In an effort to ease recent tensions there that have also caused relations with neighbouring Serbia to worsen, Kosovo has postponed local elections scheduled for next week in four municipalities with a majority ethnic Serb population.

 

The referendum in the northern municipalities will be held on April 23 of next year, Kosovo President Vjosa Osmani declared after meeting with her country's political leaders on Saturday.

 

Aleksandar Vucic, the president of Serbia, announced the same day that he would formally ask NATO for permission to send Serbian soldiers into northern Kosovo, though he acknowledged that this was highly unlikely to be granted.
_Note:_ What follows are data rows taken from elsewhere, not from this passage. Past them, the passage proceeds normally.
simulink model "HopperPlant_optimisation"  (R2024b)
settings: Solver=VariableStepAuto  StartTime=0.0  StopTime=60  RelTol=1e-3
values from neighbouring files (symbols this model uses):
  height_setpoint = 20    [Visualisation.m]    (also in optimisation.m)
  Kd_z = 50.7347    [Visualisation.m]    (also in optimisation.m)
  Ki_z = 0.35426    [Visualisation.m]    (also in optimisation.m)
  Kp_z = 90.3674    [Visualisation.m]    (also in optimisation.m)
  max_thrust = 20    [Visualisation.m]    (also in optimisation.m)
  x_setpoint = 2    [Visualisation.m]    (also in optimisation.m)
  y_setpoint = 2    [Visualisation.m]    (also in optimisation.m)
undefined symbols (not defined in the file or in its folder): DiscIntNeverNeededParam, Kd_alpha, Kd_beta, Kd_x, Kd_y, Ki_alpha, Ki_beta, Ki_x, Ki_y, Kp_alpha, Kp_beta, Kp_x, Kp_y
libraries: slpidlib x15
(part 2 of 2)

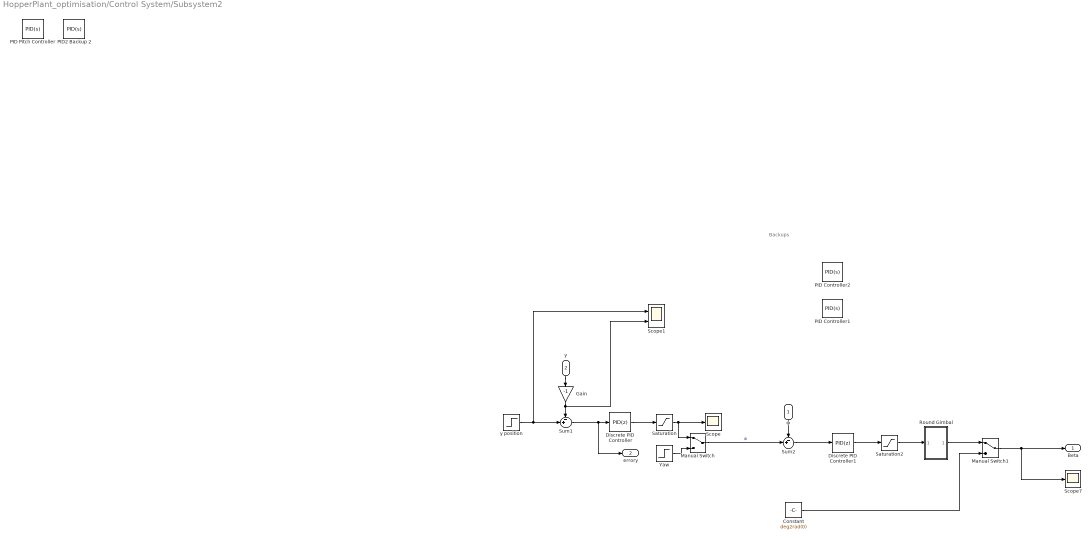
== system HopperPlant_optimisation/Control System/Subsystem2 ==
  note: Backups
  Φ : Inport
  y : Inport  Port=2
  Constant : Constant  Value=deg2rad(0)  SampleTime=0.01
  Discrete PID Controller : slpidlib/PID Controller  Controller=PID  Form=Parallel  TimeDomain=Discrete-time  UseExternalTs=off  SampleTime=-1  IntegratorMethod=Forward Euler  FilterMethod=Forward Euler  ControllerParametersSource=internal  P=Kp_y  I=Ki_y  UseKiTs=off  D=Kd_y  UseExternalDerivativeSource=off  N=100  UseFilter=off  TunerSelectOption=Transfer Function Based (PID Tuner App)  InitialConditionSource=internal  InitialConditionForIntegrator=0  InitialConditionForFilter=0  DifferentiatorICPrevScaledInput=0  ExternalReset=none  TrackingMode=off  Kt=1  LimitOutput=off  SatLimitsSource=internal  UpperSaturationLimit=inf  LowerSaturationLimit=-inf  LinearizeAsGain=off  AntiWindupMode=none  Kb=1  LimitIntegrator=off  UpperIntegratorSaturationLimit=inf  LowerIntegratorSaturationLimit=-inf  POutMin=[]  POutMax=[]  IOutMin=[]  IOutMax=[]  DOutMin=[]  DOutMax=[]  NOutMin=[]  NOutMax=[]  SumOutMin=[]  SumOutMax=[]  SaturationOutMin=[]  SaturationOutMax=[]  PParamMin=[]  PParamMax=[]  IParamMin=[]  IParamMax=[]  DParamMin=[]  DParamMax=[]  NParamMin=[]  NParamMax=[]  KbParamMin=[]  KbParamMax=[]  KtParamMin=[]  KtParamMax=[]  KbOutMin=[]  KbOutMax=[]  KtOutMin=[]  KtOutMax=[]  IntegratorOutMin=[]  IntegratorOutMax=[]  FilterOutMin=[]  FilterOutMax=[]  SumI1OutMin=[]  SumI1OutMax=[]  SumI2OutMin=[]  SumI2OutMax=[]  SumI3OutMin=[]  SumI3OutMax=[]  SumI4OutMin=[]  SumI4OutMax=[]  SumDOutMin=[]  SumDOutMax=[]  DifferentiatorOutMin=[]  DifferentiatorOutMax=[]  FilterDiffOutCoefMin=[]  FilterDiffOutCoefMax=[]  ReciprocalOutMin=[]  ReciprocalOutMax=[]  SumDenOutMin=[]  SumDenOutMax=[]  SumNumOutMin=[]  SumNumOutMax=[]  DivideOutMin=[]  DivideOutMax=[]  UdiffTsProdOutMin=[]  UdiffTsProdOutMax=[]  NTsProdOutMin=[]  NTsProdOutMax=[]  UintegralTsProdOutMin=[]  UintegralTsProdOutMax=[]  UngainTsProdOutMin=[]  UngainTsProdOutMax=[]  ClampingZeroOutDataTypeStr=Inherit: Inherit via back propagation  ClampingZeroOutMin=[]  ClampingZeroOutMax=[]  FilterDenConstantOutDataTypeStr=Inherit: Inherit via back propagation  FilterDenConstantOutMin=[]  FilterDenConstantOutMax=[]  PCopyOutDataTypeStr=Inherit: Inherit via back propagation  PCopyOutMin=[]  PCopyOutMax=[]  NCopyOutDataTypeStr=Inherit: Inherit via back propagation  NCopyOutMin=[]  NCopyOutMax=[]  IntegratorContinuousStateAttributes=''  IntegratorStateMustResolveToSignalObject=off  IntegratorRTWStateStorageClass=Auto  FilterContinuousStateAttributes=''  FilterStateMustResolveToSignalObject=off  FilterRTWStateStorageClass=Auto  ParallelPVariant=InternalParameters  IdealPVariant=Disabled  IVariant=InternalParameters  DVariant=InternalParameters  IntegratorVariant=Discrete  SatVariant=Disabled  AWVariant=Passthrough  PCopyVariant=Disabled  TRVariant=Disabled  FdbkBlocksVariant=Forward  IdealPFdbkVariant=Disabled  SatFdbkVariant=Disabled  DerivativeFilterVariant=Differentiator  NVariant=Passthrough  NCopyVariant=Disabled_SignalSpec  FilterICVariant=InternalICsDifferentiator  IntegratorICVariant=InternalICs  ExternalResetVariant=Disabled  TRSumVariant=Passthrough  SumFdbkVariant=Disabled  SumVariant=Sum_PID  TsampFilterVariant=InternalTs  TsampNgainVariant=Passthrough  TsampIntegralVariant=Disabled_SignalSpec  ExternalSaturationOutDataTypeStr=Inherit: Same as second input  DerivativeSourceVariant=ErrorSignal  PreIntVariant=InternalPreInt
      settings: LibrarySourceBlock=simulink/Discrete/Discrete PID Controller
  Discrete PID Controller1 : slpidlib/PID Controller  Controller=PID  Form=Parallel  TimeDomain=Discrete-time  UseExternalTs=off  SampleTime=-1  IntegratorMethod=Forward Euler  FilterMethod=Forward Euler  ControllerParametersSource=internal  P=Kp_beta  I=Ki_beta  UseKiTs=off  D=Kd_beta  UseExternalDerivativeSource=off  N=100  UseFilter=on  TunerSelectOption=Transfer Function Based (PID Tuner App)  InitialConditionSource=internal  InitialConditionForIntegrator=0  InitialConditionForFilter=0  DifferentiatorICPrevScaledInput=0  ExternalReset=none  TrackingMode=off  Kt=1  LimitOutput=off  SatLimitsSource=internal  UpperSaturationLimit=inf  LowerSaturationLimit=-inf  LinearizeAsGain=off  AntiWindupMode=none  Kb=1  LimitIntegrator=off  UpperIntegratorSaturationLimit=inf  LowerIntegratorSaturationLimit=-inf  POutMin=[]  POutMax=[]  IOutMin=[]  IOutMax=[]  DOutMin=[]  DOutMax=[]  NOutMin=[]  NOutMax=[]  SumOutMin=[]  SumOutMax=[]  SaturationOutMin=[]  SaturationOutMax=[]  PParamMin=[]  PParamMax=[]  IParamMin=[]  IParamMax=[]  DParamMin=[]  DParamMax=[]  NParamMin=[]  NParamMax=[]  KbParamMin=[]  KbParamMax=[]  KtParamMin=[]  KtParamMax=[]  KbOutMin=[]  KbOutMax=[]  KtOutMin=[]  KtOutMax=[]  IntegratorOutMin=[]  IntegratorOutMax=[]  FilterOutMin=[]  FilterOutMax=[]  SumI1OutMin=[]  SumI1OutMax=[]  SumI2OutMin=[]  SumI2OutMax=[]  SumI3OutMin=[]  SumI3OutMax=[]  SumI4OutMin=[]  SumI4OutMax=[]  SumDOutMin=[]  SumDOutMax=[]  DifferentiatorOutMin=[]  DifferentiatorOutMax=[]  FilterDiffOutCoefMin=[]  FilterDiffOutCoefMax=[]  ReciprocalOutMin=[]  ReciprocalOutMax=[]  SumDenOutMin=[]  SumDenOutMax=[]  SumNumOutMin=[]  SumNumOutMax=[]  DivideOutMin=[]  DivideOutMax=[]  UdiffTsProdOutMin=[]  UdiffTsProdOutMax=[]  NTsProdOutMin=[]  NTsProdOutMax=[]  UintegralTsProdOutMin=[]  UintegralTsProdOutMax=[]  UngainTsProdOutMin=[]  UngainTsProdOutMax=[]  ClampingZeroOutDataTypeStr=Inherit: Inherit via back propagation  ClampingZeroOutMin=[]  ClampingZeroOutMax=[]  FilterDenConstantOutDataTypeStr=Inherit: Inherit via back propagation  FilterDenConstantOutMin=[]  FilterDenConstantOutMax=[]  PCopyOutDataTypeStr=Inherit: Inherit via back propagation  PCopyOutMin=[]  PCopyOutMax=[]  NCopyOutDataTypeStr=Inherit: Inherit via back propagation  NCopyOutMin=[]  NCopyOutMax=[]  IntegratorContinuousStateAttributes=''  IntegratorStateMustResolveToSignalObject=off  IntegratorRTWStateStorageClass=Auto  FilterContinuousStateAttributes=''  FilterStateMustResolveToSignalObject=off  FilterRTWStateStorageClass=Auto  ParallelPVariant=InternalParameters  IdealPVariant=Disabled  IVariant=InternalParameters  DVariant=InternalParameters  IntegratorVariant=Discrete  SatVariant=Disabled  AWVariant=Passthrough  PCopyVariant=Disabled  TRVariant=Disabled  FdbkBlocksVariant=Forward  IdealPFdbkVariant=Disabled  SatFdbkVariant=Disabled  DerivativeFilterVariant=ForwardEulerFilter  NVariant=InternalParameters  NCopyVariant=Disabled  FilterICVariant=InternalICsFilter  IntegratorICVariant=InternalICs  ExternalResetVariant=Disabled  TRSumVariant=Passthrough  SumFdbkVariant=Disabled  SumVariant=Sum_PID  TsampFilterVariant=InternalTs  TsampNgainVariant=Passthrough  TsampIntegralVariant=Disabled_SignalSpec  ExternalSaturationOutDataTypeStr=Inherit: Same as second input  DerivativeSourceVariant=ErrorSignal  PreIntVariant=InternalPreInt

An action that may raise tensions in the area.

 

Elections in Northern Mitrovica, Zubin Potok, Zvecan, and Leposavic were scheduled for December 18 after ethnic Serb representatives resigned from their positions in protest of Kosovo's government's decision to outlaw Serbia-issued license plates in November. Additionally leaving their positions in local government were Serbian legislators, prosecutors, and police.

 

Before the scheduled vote, there has been a lot of tension in the north. A Kosovo law enforcement officer was shot and wounded this week by unidentified assailants. Additionally, some polling places suffered damage, and gunfire was audible in the four municipalities.

 

Kosovo's interior minister, Xhelal Zvecla, claimed on Saturday that "extremist organizations" had blocked certain routes in the north following the arrest of a former Serb police officer who was accused of targeting polling places and election officials.

 

The rule of law mission, or EULEX, of the European Union has been present with its police officers in such areas as well as an increase in the presence of Kosovo police recently.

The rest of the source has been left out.